## [Data extracted from a collection]

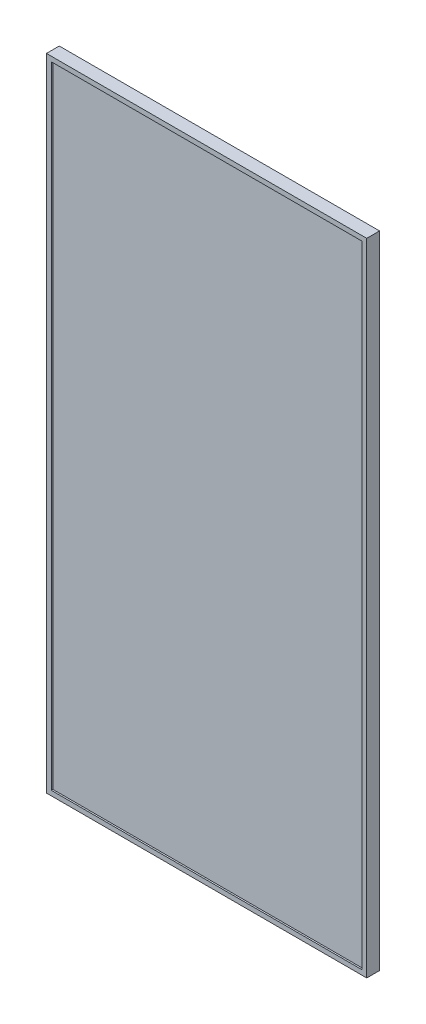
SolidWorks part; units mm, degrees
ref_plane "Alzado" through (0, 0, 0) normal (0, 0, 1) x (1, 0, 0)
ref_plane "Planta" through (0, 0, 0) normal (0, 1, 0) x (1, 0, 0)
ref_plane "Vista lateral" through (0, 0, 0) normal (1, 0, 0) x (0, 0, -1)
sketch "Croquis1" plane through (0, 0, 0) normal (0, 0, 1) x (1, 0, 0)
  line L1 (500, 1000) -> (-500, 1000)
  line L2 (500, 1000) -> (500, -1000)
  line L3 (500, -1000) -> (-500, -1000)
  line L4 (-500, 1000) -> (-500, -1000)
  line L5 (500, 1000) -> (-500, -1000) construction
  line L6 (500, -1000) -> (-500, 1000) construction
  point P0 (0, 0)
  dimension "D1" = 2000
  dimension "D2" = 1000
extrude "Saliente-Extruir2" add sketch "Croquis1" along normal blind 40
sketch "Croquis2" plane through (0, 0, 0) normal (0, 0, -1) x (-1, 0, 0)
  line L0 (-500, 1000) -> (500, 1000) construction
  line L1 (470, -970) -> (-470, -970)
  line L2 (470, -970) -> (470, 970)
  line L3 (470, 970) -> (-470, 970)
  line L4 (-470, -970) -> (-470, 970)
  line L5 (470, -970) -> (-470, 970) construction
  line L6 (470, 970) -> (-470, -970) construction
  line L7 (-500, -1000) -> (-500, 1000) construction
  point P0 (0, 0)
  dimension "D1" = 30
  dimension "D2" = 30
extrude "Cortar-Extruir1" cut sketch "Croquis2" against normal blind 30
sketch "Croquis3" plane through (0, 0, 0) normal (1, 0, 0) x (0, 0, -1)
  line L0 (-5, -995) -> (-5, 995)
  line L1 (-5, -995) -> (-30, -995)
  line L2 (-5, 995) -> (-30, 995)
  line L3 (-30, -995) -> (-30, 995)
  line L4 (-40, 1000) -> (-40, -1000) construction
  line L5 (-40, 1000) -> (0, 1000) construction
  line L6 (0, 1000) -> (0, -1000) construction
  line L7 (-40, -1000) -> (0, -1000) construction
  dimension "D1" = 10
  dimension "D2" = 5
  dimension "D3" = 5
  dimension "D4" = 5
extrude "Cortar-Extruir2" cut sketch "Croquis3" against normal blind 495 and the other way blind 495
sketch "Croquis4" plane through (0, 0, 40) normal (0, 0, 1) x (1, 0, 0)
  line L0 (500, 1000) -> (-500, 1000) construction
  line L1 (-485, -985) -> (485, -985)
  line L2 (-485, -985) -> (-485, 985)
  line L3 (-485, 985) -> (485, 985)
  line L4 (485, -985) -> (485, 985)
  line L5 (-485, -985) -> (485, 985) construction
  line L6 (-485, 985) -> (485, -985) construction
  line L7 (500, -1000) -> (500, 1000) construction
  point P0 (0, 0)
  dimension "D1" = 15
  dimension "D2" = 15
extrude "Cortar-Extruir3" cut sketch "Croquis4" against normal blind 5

## [Instructions to follow]
Return only the lines between the one holding "way blind 495" and the one holding "line L4 (485, -985) -> (485, 985)", inclusive, exactly as they appear above.

## [Reply]
extrude "Cortar-Extruir2" cut sketch "Croquis3" against normal blind 495 and the other way blind 495
sketch "Croquis4" plane through (0, 0, 40) normal (0, 0, 1) x (1, 0, 0)
  line L0 (500, 1000) -> (-500, 1000) construction
  line L1 (-485, -985) -> (485, -985)
  line L2 (-485, -985) -> (-485, 985)
  line L3 (-485, 985) -> (485, 985)
  line L4 (485, -985) -> (485, 985)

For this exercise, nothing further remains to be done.